_Your task:_ Only lines containing the word "check" belong in the answer; copy each one from the records.

_Data records:_
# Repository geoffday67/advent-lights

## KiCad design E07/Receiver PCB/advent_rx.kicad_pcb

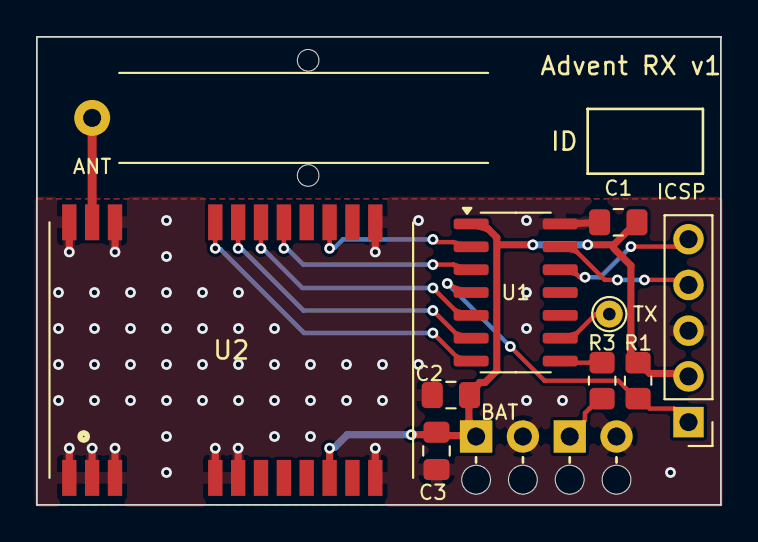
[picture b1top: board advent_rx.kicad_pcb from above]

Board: 2 copper layers, 38.0 x 26.0 mm, 12 parts (0 on the bottom side), 14 nets.

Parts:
AE1: Helical 433MHz; ANT_Helical_433_Placeholder
C1, C3: 100nF; C_0805_2012Metric_Pad1.18x1.45mm_HandSolder
C2: 10uF; C_0805_2012Metric_Pad1.18x1.45mm_HandSolder
J1: ICSP; PinHeader_1x05_P2.54mm_Vertical
J2: BATT; Wire_StrainRelief_1x02_P2.6mm
J3: LED; Wire_StrainRelief_1x02_P2.6mm
R1: 10k; R_0805_2012Metric_Pad1.20x1.40mm_HandSolder
R3: 680; R_0805_2012Metric_Pad1.20x1.40mm_HandSolder
TP1: TX; TestPoint_THTPad_D1.5mm_Drill0.7mm
U1: PIC16F15225-I/SL; SOIC-14_3.9x8.7mm_P1.27mm
U2: E07-400M10S

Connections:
/ANT: AE1.1, U2.21
/CSN: U1.7, U2.19
/GDO2: U1.2, U2.14
/LED_A: J3.1, R3.2
/LED_DRV: R3.1, U1.8
/MCLR: J1.1, R1.2, U1.4
/MISO: U1.3, U2.16
/MOSI: U1.5, U2.17
/PGC: J1.5, U1.12
/PGD: J1.4, U1.13
/SCK: U1.6, U2.18
/UART_TX: TP1.1, U1.9
GND: C1.2, C2.2, C3.2, J1.3, J2.2, J3.2, U1.14, U2.1, U2.2, U2.3, U2.4, U2.5, U2.11, U2.12, U2.20, U2.22
VDD: C1.1, C2.1, C3.1, J1.2, J2.1, R1.1, U1.1, U2.9

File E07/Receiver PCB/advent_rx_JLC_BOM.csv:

Comment,Designator,Footprint,LCSC Part #
100nF,"C1,C3",0805,C49678
10uF,C2,0805,C15850
10k,R1,0805,C17414
E07-400M10S,U2,E07-400M10S (SMD 14x20),C2965513
680,R3,0805,C17798

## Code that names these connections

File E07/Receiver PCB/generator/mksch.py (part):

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    ep.append(pin(n,nm,-15.24,7.62-2.54*k,0,"input" if n in (19,18,17) else "output"))
for k,n in enumerate([1,2,3,4,5,11,12,20,22]):
    ep.append(pin(n,"GND",-10.16+2.54*k,-15.24,90,"power_in"))
ep.append(pin(21,"ANT",15.24,7.62,180,"passive"))
for k,n in enumerate([6,7,8,10,13]):
    ep.append(pin(n,"NC",15.24,2.54-2.54*k,180,"no_connect"))
E07=custom("E07-400M10S","U","E07-400M10S","AdventRX:E07-400M10S",
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part("Device:C","C3","100nF",172.72,63.5,Cf,{1:"VDD",2:"GND"})
part("Device:R","R1","10k",48.26,63.5,R,{1:"VDD",2:"MCLR"})
part("Connector_Generic:Conn_01x05","J1","ICSP (Snap pins 1-5)",43.18,96.52,
     "Connector_PinHeader_2.54mm:PinHeader_1x05_P2.54mm_Vertical",{1:"MCLR",2:"VDD",3:"GND",4:"PGD",5:"PGC"})
part("Connector_Generic:Conn_01x02","J2","Battery 2xAAA (+,-)",43.18,137.16,"AdventRX:Wire_StrainRelief_1x02_P2.6mm",{1:"VDD",2:"GND"})
part("Connector_Generic:Conn_01x02","J3","LED (A,K)",157.48,137.16,"AdventRX:Wire_StrainRelief_1x02_P2.6mm",{1:"LED_A",2:"GND"})
part("Device:R","R3","TBD (LED)",132.08,137.16,R,{1:"LED_DRV",2:"LED_A"})
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
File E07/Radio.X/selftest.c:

/*
 * selftest.c - Startup check of the PIC16F15225's solder joints (both builds).
 *
 * What proves each pin (14-pin package):
 *   1 VDD, 4 MCLR, 12 ICSPCLK, 13 ICSPDAT, 14 VSS   Programming with verify.
 *   9 RC1 (TX, TP1)                                 The log appearing.
 *   8 RC2 (LED / J3)     RX: the LED flash at the end of the test (one long = pass,
 *                        ten short = fail). MODEM: the first command from the controller.
 *   3 RA4 SO, 5 RC5 SI, 6 RC4 SCK                   Write and read back all 256 values.
 *   7 RC3 CSn            A burst write must end when CSn goes high, and GDO1 is
 *                        only visible on SO while CSn is high.
 *   2 RA5 GDO2           GDO2 forced to 0 and to 1.
 *
 * Bridges between adjacent pins:
 *   5-6, 6-7, 7-8, 8-9, 9-10   Pin-pair test, before pins_init().
 *   1-2, 2-3                   GDO1 and GDO2 forced to opposite levels.
 *   3-4, 4-5                   Pin 4 is MCLR (LVP = ON), so a bridge resets the PIC each
 *                              time SO or SI goes low: the log restarts over and over
 *                              with reset cause MCLR.
 *   10-11, 11-12               Not tested: RC0 and RA2 are unused outputs held low, and
 *                              the PIC is held in reset while being programmed, so a
 *                              bridge there does no harm.
 *   12-13, 13-14               Programming fails.
 */

#include "board.h"
#include "uart.h"
#include "radio.h"
#include "selftest.h"

// GDOx_CFG = 0x2F: hardwired to 0; with GDOx_INV (bit 6) set, hardwired to 1
// (CC1101 datasheet Table 41).
#define GDO_HW0     0x2F
#define GDO_INV     0x40

#define RA4_BIT     (1u << 4)           // SO / GDO1
#define RA5_BIT     (1u << 5)           // GDO2

// Adjacent PORTC pins. The 'drive' pin is pulled low while the 'sense' pin is read
// with only its weak pull-up on. RC1 (UART TX) is never driven, so the serial
// adapter sees no break. RC2 is never sensed: in the RX build the LED and R3 hold
// it below the input-high threshold.
static const uint8_t pair_drive[] = { 5, 4, 2, 2, 0 };     // RCn
static const uint8_t pair_sense[] = { 4, 3, 3, 1, 1 };
#define NPAIRS      (sizeof pair_drive / sizeof pair_drive[0])
#define SENSE_MASK  ((1u << 4) | (1u << 3) | (1u << 1))

#define PIN_OF_RC(n)    (10 - (n))      // RC0 = pin 10 ... RC5 = pin 5

static uint8_t reset_cause;             // PCON0 as found at startup
static uint8_t pins_low;                // PORTC bits that read low with only the pull-up on
static uint8_t pairs_bridged;           // Bit i set: pair i bridged
static uint8_t failures;

void selftest_pins(void) {
    reset_cause = PCON0;
    PCON0 = 0x1F;                       // STKOVF = STKUNF = 0; RWDT, RMCLR, RI, POR, BOR = 1

    // Reset state: all pins inputs, analog. Make PORTC digital inputs with pull-ups.
    ANSELC = 0x00;
    LATC   = 0x00;                      // A pin made an output drives low
    WPUC   = 0x3F;
    TRISC  = 0x3F;
    __delay_us(100);

    pins_low = (uint8_t)(~PORTC & SENSE_MASK);
    pairs_bridged = 0;
    for (uint8_t i = 0; i < NPAIRS; i++) {
        uint8_t drive = (uint8_t)(1u << pair_drive[i]);
        uint8_t sense = (uint8_t)(1u << pair_sense[i]);
        if (pins_low & sense) {
            continue;                   // Already reported as low
        }
        TRISC &= (uint8_t)~drive;
        __delay_us(20);
        if (!(PORTC & sense)) {
            pairs_bridged |= (uint8_t)(1u << i);
        }
        TRISC |= drive;
        __delay_us(20);
    }

    WPUC = 0x00;                        // pins_init() sets the working directions and pull-ups
}

static void fail(const char *msg) {
    uart_puts("  FAIL ");
    uart_puts(msg);
    uart_puts("\r\n");
    failures++;
}

static void put_reset_cause(void) {
    uart_puts("Reset cause: ");
    if (!(reset_cause & 0x02)) {
        uart_puts("power-on");
    } else if (!(reset_cause & 0x08)) {
        uart_puts("MCLR (pin 4)");
    } else if (reset_cause & 0xC0) {
        uart_puts("stack over/underflow");
    } else if (!(reset_cause & 0x04)) {
        uart_puts("RESET instruction");
    } else if (!(reset_cause & 0x10)) {
        uart_puts("watchdog");
    } else {
        uart_puts("other");
    }
    uart_puts(" (PCON0 ");
    uart_puthex(reset_cause);
    uart_puts(")\r\n");
}

static void radio_tests(void) {
    if (!radio_reset()) {
        fail("radio: SO did not go low with CSn low (pin 7 RC3 CSn, pin 3 RA4 SO)");
        return;
    }

    // 1. SPI data path: every value written to FREQ1 (all 8 bits R/W) and read back.
    uint16_t bad = 0;
    for (uint16_t v = 0; v < 256; v++) {
        radio_write_reg(CC1101_FREQ1, (uint8_t)v);
        if (radio_read_reg(CC1101_FREQ1) != (uint8_t)v) {
            bad++;
        }
    }
    if (bad) {
        uart_puts("  FAIL SPI: ");
        uart_putdec((int16_t)bad);
        uart_puts(" of 256 values read back wrong (pin 3 RA4 SO, pin 5 RC5 SI, pin 6 RC4 SCK)\r\n");
        failures++;
        return;                         // The tests below need a working SPI link
    }

    // 2. CSn: a burst write only ends when CSn goes high. If CSn stays low at the
    //    radio, the single write and reads that follow are taken as more burst data.
    //    Single accesses work without CSn going high, so test 1 does not catch this.
    static const uint8_t pattern[2] = { 0xA5, 0x5A };
    radio_write_burst(CC1101_FREQ1, pattern, 2);        // FREQ1, FREQ0
    radio_write_reg(CC1101_PKTLEN, 0xC3);
    uint8_t f1 = radio_read_reg(CC1101_FREQ1);
    uint8_t f0 = radio_read_reg(CC1101_FREQ0);
    uint8_t pl = radio_read_reg(CC1101_PKTLEN);
    if (f1 != 0xA5 || f0 != 0x5A || pl != 0xC3) {
        fail("CSn: burst write did not end, so CSn is not going high at the radio (pin 7 RC3)");
    }

    // 3. GDO1 and GDO2 forced to opposite levels, read with CSn high. SO carries
    //    GDO1 only while CSn is high (datasheet Section 11.2), so with test 1 passed
    //    a wrong GDO1 level means CSn is not going high. The RA5 pull-up makes an
    //    open GDO2 joint read 1.
    WPUAbits.WPUA5 = 1;
    radio_write_reg(CC1101_IOCFG1, GDO_HW0);
    radio_write_reg(CC1101_IOCFG2, GDO_HW0 | GDO_INV);
    __delay_us(20);
    uint8_t a = PORTA;                  // Expect RA4 = 0, RA5 = 1
    radio_write_reg(CC1101_IOCFG1, GDO_HW0 | GDO_INV);
    radio_write_reg(CC1101_IOCFG2, GDO_HW0);
    __delay_us(20);
    uint8_t b = PORTA;                  // Expect RA4 = 1, RA5 = 0
    WPUAbits.WPUA5 = 0;

    uint8_t so_ok   = !(a & RA4_BIT) &&  (b & RA4_BIT);
    uint8_t gdo2_ok =  (a & RA5_BIT) && !(b & RA5_BIT);
    uint8_t same_a  = ((a & RA4_BIT) != 0) == ((a & RA5_BIT) != 0);
    uint8_t same_b  = ((b & RA4_BIT) != 0) == ((b & RA5_BIT) != 0);
    if (!so_ok && !gdo2_ok && same_a && same_b) {
        fail("pins 2 and 3 bridged (RA5 GDO2 and RA4 SO always read the same)");
    } else {
        if (!gdo2_ok) {
            fail("GDO2 not seen on pin 2 (RA5): open joint, or bridged to pin 1 (VDD)");
        }
        if (!so_ok) {
            fail("GDO1 not seen on SO with CSn high: CSn not going high at the radio (pin 7 RC3)");
        }
    }

    radio_reset();                      // Back to reset values before the real configuration
}

uint8_t selftest_run(void) {
    failures = 0;

    put_reset_cause();
    uart_puts("Self-test:\r\n");

    for (uint8_t n = 0; n < 6; n++) {
        if (pins_low & (1u << n)) {
            uart_puts("  FAIL pin ");
            uart_putdec(PIN_OF_RC(n));
            uart_puts(" (RC");
            uart_putdec(n);
            uart_puts(") reads low with only its pull-up: shorted to GND\r\n");
            failures++;
        }
    }
    for (uint8_t i = 0; i < NPAIRS; i++) {
        if (pairs_bridged & (1u << i)) {
            uart_puts("  FAIL pins ");
            uart_putdec(PIN_OF_RC(pair_drive[i]));
            uart_puts(" and ");
            uart_putdec(PIN_OF_RC(pair_sense[i]));
            uart_puts(" bridged (RC");
            uart_putdec(pair_drive[i]);
            uart_puts(", RC");
            uart_putdec(pair_sense[i]);
            uart_puts(")\r\n");
            failures++;
        }
    }

    radio_tests();

    if (failures == 0) {
        uart_puts("  PASS\r\n");
    } else {
        uart_puts("  ");
        uart_putdec(failures);
        uart_puts(" failure(s)\r\n");
    }

#if defined(ROLE_RX)
    // Pin 8 check by eye: one 200 ms flash = pass, ten short flashes = fail.
    if (failures == 0) {
        LED = 1;
        __delay_ms(200);
        LED = 0;
    } else {
        for (uint8_t i = 0; i < 10; i++) {
            LED = 1;
            __delay_ms(50);
            LED = 0;
            __delay_ms(50);
        }
    }
#endif

    return failures;
}

_Task solution:_
 * selftest.c - Startup check of the PIC16F15225's solder joints (both builds).
    // Pin 8 check by eye: one 200 ms flash = pass, ten short flashes = fail.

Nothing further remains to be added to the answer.